- **RECORDS SHOWN**

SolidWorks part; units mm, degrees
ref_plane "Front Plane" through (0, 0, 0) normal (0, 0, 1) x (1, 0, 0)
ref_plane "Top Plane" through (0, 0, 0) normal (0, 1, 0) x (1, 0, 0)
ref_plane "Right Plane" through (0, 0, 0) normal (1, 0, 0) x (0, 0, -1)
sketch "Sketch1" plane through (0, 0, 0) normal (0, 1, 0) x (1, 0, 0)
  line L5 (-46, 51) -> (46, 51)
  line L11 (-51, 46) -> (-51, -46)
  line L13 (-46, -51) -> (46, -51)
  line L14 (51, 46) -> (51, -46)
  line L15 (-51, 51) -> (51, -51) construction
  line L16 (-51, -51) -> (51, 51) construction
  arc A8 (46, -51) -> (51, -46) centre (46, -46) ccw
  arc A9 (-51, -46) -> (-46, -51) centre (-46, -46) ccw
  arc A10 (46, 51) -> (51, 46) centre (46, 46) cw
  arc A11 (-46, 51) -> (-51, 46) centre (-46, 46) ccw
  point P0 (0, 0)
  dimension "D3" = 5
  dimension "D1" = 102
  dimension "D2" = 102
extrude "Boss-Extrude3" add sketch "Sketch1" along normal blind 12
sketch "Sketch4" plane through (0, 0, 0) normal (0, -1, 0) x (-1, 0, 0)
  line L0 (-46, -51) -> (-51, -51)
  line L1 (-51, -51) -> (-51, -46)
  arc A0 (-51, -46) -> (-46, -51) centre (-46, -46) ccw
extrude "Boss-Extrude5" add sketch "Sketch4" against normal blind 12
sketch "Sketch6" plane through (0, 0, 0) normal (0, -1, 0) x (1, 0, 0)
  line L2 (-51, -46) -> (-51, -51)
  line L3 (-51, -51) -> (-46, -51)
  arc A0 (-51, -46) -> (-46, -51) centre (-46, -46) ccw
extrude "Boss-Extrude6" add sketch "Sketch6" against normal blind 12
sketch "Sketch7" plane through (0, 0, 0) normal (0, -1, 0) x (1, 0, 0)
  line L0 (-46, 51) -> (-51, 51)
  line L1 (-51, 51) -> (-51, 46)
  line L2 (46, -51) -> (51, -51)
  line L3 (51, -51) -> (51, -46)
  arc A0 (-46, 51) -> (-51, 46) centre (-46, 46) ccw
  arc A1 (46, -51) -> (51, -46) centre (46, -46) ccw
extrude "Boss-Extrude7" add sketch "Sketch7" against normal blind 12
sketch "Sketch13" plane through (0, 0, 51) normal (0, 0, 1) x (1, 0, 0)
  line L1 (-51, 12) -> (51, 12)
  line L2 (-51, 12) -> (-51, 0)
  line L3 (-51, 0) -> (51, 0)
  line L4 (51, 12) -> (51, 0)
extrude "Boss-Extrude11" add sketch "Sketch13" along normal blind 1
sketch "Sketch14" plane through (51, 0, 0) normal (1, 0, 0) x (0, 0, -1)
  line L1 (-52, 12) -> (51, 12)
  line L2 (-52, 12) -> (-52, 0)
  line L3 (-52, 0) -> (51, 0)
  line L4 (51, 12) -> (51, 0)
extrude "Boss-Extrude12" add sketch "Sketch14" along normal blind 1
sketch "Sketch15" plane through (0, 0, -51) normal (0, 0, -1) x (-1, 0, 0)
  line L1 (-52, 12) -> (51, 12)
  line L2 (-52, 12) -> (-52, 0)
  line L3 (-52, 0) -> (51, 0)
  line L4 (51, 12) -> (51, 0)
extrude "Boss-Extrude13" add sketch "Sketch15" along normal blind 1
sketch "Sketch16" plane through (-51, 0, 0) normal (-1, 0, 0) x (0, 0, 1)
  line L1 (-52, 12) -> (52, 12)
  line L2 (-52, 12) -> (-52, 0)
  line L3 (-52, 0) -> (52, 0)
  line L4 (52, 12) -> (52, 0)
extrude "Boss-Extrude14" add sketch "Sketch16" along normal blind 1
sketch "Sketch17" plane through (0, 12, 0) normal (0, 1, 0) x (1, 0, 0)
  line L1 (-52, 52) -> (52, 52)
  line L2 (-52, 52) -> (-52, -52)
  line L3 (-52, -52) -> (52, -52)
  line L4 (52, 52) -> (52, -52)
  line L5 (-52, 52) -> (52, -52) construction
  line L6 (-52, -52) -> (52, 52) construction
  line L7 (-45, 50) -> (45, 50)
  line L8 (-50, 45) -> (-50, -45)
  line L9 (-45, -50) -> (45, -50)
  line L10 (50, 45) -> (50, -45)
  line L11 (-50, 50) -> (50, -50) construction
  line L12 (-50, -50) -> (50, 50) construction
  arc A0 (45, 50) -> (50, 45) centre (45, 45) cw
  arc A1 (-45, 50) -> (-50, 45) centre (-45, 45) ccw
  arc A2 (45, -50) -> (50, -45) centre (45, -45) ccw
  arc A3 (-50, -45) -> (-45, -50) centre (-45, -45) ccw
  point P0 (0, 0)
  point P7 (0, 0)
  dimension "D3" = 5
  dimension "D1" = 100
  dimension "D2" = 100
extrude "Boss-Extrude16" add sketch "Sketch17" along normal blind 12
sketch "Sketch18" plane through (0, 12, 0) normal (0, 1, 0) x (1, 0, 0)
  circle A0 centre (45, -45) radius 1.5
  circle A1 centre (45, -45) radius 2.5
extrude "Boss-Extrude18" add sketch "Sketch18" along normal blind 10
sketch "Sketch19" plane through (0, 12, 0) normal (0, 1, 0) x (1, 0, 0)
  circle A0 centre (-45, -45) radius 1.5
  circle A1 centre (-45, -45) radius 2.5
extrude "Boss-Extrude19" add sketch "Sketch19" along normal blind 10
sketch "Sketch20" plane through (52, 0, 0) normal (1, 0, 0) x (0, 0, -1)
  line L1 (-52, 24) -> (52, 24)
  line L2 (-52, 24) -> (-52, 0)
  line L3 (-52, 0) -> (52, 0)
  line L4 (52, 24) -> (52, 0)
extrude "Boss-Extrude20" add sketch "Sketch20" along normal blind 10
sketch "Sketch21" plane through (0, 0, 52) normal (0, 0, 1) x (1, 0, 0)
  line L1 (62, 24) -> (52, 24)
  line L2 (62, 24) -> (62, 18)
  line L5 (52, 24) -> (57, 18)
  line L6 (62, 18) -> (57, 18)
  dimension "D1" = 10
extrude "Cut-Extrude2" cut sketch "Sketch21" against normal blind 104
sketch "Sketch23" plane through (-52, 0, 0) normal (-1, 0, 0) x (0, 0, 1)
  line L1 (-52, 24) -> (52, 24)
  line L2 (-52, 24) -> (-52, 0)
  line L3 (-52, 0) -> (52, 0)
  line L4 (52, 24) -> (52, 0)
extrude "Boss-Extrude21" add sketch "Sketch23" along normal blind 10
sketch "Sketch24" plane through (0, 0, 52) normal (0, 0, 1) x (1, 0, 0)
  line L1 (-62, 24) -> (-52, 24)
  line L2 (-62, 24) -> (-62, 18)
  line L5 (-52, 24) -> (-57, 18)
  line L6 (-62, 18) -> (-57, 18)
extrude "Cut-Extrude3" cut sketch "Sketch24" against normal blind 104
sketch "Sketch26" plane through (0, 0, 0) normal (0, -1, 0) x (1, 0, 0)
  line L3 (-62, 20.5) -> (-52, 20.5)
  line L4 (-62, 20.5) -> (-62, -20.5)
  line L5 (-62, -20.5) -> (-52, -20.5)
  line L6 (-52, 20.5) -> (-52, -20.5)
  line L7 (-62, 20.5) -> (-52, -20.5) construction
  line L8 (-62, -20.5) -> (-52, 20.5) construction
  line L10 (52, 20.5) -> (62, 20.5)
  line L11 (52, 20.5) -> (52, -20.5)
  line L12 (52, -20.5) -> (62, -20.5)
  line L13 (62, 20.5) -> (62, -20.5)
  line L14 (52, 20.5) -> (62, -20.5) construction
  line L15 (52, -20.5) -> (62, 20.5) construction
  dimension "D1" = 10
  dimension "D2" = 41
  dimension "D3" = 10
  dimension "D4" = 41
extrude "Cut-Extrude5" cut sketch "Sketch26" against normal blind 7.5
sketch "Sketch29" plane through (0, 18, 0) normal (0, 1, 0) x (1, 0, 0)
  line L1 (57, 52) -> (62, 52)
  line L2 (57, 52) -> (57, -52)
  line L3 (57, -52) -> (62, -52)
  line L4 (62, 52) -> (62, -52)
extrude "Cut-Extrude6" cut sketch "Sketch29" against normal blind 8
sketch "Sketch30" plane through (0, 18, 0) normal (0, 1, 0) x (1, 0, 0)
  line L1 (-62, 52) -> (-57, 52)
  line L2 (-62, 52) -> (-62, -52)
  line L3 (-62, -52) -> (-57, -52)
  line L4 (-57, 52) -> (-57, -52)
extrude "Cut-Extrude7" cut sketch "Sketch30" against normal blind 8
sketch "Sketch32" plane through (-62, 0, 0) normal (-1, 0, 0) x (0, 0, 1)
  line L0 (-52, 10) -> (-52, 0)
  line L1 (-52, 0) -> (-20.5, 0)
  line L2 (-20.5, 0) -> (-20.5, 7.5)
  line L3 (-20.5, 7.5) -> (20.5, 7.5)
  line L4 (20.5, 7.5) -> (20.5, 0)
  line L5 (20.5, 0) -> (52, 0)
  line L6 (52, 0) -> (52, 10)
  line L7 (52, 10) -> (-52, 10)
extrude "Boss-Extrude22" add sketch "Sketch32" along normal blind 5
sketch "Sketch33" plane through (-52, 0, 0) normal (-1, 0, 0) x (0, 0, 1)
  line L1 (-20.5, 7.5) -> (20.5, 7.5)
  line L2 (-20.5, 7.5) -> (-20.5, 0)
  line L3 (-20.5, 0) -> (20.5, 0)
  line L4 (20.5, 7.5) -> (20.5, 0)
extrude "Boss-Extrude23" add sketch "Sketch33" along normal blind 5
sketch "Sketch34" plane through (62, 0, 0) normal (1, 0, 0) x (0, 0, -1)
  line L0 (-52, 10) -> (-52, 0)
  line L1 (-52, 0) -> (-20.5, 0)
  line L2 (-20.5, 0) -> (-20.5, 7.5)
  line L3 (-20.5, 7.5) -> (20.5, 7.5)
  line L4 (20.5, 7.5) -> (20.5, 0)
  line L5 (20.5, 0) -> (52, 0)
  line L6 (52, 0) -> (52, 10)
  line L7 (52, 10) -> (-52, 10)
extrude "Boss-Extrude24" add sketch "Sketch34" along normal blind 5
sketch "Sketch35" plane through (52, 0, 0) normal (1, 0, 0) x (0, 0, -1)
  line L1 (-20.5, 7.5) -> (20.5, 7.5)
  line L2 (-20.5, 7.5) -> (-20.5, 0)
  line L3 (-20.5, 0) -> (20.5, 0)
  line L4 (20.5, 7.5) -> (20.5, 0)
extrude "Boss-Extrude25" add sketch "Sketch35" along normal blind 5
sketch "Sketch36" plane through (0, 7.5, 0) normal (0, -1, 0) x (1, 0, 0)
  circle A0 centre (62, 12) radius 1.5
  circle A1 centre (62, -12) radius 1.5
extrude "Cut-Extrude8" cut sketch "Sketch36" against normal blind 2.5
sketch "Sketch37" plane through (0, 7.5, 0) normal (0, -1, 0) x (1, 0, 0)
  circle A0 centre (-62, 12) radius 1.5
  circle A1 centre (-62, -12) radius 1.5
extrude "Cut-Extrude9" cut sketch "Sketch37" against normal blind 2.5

- **WHAT YOU SHOULD DO**
The answer must be a single number: the count of lines above that contain "dimension".

- **WRITTEN ANSWER**
11